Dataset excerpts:
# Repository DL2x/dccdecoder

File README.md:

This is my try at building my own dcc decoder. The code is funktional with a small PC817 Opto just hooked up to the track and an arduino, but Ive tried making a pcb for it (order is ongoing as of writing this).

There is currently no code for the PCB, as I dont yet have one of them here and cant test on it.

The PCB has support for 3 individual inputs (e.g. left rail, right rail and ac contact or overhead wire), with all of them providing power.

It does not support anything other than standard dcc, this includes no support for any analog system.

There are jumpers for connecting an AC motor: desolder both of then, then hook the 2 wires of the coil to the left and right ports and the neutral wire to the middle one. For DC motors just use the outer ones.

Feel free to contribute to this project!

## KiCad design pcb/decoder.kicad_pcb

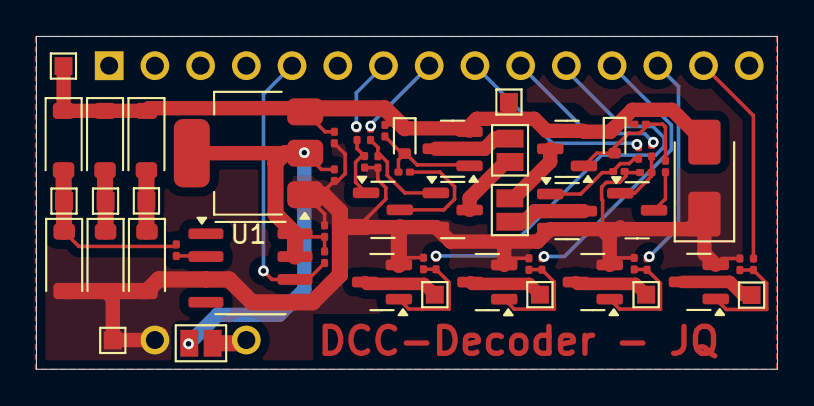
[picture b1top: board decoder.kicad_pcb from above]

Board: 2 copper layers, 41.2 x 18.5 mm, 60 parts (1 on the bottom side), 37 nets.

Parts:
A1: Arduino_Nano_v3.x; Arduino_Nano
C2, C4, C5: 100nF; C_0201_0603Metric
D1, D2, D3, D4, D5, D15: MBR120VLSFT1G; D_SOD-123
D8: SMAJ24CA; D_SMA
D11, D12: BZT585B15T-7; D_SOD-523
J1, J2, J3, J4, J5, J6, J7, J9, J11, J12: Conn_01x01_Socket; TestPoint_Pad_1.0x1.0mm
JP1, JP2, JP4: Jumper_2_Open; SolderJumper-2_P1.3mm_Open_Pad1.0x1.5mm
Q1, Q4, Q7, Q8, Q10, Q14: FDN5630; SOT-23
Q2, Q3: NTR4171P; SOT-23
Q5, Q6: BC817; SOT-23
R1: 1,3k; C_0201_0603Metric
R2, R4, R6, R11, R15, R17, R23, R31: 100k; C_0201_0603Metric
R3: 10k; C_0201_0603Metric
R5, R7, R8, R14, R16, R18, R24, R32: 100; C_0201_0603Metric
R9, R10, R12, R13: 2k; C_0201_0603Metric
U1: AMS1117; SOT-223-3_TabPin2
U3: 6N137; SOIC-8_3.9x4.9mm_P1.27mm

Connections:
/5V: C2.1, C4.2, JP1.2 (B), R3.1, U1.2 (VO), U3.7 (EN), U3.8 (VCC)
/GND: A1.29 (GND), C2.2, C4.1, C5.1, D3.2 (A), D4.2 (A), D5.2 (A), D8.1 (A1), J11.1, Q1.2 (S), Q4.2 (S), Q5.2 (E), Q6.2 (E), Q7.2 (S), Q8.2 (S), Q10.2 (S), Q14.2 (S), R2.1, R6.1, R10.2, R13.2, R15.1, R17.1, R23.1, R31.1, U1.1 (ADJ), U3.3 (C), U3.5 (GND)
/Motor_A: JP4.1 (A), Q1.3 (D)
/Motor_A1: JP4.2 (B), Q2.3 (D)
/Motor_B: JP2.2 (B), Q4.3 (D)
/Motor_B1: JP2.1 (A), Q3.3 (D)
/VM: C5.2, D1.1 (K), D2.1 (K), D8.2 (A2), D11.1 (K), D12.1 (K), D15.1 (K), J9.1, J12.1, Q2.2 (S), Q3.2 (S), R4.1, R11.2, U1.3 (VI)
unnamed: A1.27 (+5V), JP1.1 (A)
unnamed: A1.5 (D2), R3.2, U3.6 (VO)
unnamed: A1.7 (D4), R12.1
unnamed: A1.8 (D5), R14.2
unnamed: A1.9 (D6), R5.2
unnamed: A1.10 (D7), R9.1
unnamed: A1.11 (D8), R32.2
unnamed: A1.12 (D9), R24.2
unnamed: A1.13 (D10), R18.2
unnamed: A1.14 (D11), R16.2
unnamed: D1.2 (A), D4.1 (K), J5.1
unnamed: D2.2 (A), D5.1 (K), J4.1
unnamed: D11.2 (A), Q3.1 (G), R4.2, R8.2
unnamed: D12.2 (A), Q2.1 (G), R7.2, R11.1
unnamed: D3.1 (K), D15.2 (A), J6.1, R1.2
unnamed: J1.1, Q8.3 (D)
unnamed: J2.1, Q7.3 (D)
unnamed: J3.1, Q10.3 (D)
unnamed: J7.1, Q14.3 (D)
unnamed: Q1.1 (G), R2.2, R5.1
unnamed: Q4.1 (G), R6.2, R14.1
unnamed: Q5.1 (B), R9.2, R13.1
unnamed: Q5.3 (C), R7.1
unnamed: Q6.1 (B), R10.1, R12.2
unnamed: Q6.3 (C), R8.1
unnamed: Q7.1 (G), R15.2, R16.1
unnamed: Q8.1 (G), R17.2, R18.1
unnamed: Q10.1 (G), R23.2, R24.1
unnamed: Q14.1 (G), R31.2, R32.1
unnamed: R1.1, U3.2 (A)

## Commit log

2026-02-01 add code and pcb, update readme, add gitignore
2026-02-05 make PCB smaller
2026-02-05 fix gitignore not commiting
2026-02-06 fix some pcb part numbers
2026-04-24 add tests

Assigned task:
Copy the lines of the data above exactly as written, beginning with the line containing "(EN), U3.8 (VCC)" and ending with the line containing "unnamed: A1.27 (+5V), JP1.1 (A)", and leave out all other lines.

Response to this exercise:
/5V: C2.1, C4.2, JP1.2 (B), R3.1, U1.2 (VO), U3.7 (EN), U3.8 (VCC)
/GND: A1.29 (GND), C2.2, C4.1, C5.1, D3.2 (A), D4.2 (A), D5.2 (A), D8.1 (A1), J11.1, Q1.2 (S), Q4.2 (S), Q5.2 (E), Q6.2 (E), Q7.2 (S), Q8.2 (S), Q10.2 (S), Q14.2 (S), R2.1, R6.1, R10.2, R13.2, R15.1, R17.1, R23.1, R31.1, U1.1 (ADJ), U3.3 (C), U3.5 (GND)
/Motor_A: JP4.1 (A), Q1.3 (D)
/Motor_A1: JP4.2 (B), Q2.3 (D)
/Motor_B: JP2.2 (B), Q4.3 (D)
/Motor_B1: JP2.1 (A), Q3.3 (D)
/VM: C5.2, D1.1 (K), D2.1 (K), D8.2 (A2), D11.1 (K), D12.1 (K), D15.1 (K), J9.1, J12.1, Q2.2 (S), Q3.2 (S), R4.1, R11.2, U1.3 (VI)
unnamed: A1.27 (+5V), JP1.1 (A)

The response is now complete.